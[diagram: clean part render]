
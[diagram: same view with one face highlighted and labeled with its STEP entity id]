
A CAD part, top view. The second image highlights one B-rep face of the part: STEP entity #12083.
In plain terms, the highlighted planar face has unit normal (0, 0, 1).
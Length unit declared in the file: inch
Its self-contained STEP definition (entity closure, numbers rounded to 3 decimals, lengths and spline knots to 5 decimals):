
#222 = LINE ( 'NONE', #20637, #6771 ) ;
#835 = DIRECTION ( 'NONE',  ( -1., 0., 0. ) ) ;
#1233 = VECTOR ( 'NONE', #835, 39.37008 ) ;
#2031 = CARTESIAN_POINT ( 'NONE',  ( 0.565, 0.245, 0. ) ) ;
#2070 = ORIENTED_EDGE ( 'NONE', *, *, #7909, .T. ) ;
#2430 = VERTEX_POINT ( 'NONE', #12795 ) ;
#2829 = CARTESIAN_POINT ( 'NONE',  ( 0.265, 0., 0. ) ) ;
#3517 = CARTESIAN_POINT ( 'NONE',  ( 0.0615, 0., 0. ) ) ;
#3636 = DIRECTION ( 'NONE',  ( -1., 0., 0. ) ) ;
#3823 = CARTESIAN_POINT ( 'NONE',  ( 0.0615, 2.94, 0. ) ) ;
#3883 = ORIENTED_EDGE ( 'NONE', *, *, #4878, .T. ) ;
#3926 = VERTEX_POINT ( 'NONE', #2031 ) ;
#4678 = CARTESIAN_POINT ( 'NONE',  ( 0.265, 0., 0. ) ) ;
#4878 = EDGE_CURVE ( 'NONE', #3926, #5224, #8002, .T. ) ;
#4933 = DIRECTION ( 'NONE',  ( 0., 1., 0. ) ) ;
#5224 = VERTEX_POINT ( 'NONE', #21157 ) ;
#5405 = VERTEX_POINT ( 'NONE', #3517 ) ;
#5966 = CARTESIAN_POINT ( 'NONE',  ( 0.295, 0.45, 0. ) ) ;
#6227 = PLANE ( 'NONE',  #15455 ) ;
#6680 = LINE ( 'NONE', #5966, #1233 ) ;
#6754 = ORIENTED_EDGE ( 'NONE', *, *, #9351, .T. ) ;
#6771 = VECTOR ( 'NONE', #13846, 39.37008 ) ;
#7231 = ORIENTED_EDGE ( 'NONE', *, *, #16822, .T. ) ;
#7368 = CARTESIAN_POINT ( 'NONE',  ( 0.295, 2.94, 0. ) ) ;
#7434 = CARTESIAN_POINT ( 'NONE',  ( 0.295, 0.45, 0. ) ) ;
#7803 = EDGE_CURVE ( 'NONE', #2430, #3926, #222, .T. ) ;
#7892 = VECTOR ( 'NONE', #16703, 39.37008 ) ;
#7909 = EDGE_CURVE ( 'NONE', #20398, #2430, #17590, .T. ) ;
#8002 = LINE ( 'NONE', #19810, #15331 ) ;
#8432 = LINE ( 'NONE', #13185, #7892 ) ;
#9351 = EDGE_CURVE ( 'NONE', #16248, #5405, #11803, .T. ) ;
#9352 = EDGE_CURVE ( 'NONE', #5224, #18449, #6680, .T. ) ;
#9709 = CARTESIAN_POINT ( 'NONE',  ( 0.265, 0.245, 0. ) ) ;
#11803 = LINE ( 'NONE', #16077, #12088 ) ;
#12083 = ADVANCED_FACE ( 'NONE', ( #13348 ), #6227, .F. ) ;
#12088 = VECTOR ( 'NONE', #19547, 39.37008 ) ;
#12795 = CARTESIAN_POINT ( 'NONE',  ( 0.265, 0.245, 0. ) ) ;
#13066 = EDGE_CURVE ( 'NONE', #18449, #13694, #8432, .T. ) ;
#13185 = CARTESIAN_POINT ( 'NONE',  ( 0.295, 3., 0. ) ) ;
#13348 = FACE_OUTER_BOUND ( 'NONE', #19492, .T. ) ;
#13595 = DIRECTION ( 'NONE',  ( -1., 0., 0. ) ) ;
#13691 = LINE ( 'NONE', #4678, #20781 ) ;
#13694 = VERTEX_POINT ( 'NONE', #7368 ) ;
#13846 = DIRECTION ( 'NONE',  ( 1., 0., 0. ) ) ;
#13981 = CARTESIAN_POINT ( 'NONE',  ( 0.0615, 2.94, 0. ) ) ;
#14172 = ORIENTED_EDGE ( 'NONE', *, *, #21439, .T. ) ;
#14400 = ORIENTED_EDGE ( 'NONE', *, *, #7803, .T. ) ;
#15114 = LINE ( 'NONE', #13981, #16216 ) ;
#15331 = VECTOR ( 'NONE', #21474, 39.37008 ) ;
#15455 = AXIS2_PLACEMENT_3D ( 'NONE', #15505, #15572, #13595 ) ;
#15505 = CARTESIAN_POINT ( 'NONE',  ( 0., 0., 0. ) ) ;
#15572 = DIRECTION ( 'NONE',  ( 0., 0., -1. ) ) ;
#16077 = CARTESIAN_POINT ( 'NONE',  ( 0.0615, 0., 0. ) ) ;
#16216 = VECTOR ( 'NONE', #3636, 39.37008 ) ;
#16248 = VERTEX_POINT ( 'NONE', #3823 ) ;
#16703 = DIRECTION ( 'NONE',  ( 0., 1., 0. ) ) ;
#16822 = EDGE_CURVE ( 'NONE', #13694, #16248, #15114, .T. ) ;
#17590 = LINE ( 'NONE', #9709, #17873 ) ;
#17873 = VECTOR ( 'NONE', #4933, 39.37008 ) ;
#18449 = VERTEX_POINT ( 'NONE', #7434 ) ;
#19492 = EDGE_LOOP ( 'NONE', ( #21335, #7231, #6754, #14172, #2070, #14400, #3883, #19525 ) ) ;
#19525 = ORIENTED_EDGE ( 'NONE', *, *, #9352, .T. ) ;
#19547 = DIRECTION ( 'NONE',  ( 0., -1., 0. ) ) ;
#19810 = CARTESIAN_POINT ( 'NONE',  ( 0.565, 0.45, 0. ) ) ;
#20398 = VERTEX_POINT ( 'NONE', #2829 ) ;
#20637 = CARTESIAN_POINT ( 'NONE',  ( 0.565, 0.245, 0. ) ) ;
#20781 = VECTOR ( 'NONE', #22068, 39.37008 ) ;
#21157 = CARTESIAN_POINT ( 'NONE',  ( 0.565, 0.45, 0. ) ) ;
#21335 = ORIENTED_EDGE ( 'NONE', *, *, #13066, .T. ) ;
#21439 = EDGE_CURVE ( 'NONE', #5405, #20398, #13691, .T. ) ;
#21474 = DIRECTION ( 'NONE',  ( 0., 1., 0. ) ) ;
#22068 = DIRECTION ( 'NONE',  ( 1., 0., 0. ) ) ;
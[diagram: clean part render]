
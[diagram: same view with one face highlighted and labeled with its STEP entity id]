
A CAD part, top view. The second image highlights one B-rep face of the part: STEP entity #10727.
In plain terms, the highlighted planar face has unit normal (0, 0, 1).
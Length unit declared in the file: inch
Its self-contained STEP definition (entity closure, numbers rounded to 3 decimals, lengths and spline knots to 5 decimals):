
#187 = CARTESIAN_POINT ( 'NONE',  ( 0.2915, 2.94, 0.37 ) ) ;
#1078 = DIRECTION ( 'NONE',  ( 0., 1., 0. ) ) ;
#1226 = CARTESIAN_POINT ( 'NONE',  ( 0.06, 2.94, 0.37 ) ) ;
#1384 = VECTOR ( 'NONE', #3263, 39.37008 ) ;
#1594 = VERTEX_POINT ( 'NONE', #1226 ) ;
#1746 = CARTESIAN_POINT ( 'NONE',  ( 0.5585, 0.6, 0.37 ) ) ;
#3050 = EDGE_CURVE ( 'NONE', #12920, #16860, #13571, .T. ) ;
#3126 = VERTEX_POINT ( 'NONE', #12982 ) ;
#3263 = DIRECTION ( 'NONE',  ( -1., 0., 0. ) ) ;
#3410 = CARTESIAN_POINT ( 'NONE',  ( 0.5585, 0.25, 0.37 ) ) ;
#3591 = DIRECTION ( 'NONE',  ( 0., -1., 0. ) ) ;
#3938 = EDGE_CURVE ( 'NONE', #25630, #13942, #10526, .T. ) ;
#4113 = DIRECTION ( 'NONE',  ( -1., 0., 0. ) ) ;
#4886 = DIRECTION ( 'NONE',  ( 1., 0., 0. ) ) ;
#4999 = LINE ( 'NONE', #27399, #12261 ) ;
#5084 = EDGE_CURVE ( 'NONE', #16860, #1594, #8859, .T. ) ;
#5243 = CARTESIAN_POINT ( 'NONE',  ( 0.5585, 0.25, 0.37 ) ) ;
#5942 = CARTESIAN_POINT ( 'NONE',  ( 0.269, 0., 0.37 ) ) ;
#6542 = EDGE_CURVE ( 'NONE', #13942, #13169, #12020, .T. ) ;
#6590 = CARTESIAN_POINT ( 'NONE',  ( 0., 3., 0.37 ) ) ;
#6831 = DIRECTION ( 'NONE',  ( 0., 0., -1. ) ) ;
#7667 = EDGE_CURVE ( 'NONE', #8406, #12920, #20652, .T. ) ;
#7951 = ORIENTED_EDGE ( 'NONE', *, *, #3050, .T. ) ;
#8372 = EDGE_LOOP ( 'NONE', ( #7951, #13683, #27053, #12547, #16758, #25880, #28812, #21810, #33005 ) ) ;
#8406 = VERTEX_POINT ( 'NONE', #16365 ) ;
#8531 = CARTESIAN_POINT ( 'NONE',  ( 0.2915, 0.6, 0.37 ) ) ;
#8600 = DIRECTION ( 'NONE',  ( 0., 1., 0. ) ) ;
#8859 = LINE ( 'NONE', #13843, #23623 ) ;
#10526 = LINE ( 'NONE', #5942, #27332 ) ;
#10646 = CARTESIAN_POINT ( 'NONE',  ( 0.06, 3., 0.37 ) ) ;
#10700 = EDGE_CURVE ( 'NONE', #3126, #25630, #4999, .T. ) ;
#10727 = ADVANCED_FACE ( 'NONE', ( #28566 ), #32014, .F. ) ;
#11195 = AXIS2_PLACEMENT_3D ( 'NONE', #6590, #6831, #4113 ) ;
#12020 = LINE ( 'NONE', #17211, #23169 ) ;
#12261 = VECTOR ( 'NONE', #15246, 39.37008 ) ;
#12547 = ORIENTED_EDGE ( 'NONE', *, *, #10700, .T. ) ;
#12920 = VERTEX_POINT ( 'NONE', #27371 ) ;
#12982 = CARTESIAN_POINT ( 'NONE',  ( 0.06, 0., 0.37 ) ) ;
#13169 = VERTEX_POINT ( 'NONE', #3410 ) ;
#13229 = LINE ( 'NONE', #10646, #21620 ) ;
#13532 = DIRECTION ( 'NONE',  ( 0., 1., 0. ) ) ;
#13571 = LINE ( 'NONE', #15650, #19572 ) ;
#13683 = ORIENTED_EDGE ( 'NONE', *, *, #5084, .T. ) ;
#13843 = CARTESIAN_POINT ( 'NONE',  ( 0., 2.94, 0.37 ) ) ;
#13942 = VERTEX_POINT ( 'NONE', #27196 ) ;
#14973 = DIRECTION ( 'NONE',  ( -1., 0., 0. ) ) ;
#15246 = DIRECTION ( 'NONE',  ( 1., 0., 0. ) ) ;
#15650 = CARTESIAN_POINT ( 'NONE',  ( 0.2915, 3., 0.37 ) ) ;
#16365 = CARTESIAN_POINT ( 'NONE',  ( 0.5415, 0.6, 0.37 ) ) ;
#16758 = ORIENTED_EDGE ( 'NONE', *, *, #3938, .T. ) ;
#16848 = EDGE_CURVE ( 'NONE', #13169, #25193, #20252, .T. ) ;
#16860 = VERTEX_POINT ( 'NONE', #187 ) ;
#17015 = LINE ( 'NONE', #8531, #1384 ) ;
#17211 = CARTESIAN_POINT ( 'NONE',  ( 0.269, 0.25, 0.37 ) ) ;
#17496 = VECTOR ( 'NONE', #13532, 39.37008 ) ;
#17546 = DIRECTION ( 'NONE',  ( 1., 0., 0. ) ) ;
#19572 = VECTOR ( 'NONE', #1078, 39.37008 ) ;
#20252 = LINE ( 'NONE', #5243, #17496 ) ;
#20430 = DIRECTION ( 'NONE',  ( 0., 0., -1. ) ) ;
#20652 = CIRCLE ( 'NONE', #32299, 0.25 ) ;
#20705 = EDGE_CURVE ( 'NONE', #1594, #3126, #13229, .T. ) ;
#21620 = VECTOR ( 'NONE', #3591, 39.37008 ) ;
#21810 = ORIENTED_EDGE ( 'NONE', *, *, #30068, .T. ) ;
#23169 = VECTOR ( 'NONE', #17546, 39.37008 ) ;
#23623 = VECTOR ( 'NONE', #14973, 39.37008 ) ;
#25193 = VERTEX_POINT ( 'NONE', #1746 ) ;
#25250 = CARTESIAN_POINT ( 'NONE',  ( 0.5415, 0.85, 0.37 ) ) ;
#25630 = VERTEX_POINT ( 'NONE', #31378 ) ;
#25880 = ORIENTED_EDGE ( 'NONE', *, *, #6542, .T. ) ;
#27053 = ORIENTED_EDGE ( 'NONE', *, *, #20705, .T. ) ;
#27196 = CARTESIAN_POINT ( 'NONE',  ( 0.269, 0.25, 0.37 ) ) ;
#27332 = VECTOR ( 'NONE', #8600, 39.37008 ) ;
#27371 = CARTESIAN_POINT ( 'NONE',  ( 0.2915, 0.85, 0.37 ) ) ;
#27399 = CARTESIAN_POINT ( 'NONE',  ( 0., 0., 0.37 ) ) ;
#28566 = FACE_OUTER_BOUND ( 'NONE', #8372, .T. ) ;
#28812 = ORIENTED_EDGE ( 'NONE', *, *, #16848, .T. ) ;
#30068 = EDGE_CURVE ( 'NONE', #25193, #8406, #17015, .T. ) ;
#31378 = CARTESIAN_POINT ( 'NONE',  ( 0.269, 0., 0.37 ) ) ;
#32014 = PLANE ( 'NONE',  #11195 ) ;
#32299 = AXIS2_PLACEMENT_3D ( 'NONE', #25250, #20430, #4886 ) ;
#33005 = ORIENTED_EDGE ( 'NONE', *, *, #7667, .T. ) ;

━━━

Among the entries above, locate the lines containing "#1594 = VERTEX_POINT ( 'NONE', #1226 ) ;" and "#4886 = DIRECTION", and transcribe exactly those two lines and all lines between.

#1594 = VERTEX_POINT ( 'NONE', #1226 ) ;
#1746 = CARTESIAN_POINT ( 'NONE',  ( 0.5585, 0.6, 0.37 ) ) ;
#3050 = EDGE_CURVE ( 'NONE', #12920, #16860, #13571, .T. ) ;
#3126 = VERTEX_POINT ( 'NONE', #12982 ) ;
#3263 = DIRECTION ( 'NONE',  ( -1., 0., 0. ) ) ;
#3410 = CARTESIAN_POINT ( 'NONE',  ( 0.5585, 0.25, 0.37 ) ) ;
#3591 = DIRECTION ( 'NONE',  ( 0., -1., 0. ) ) ;
#3938 = EDGE_CURVE ( 'NONE', #25630, #13942, #10526, .T. ) ;
#4113 = DIRECTION ( 'NONE',  ( -1., 0., 0. ) ) ;
#4886 = DIRECTION ( 'NONE',  ( 1., 0., 0. ) ) ;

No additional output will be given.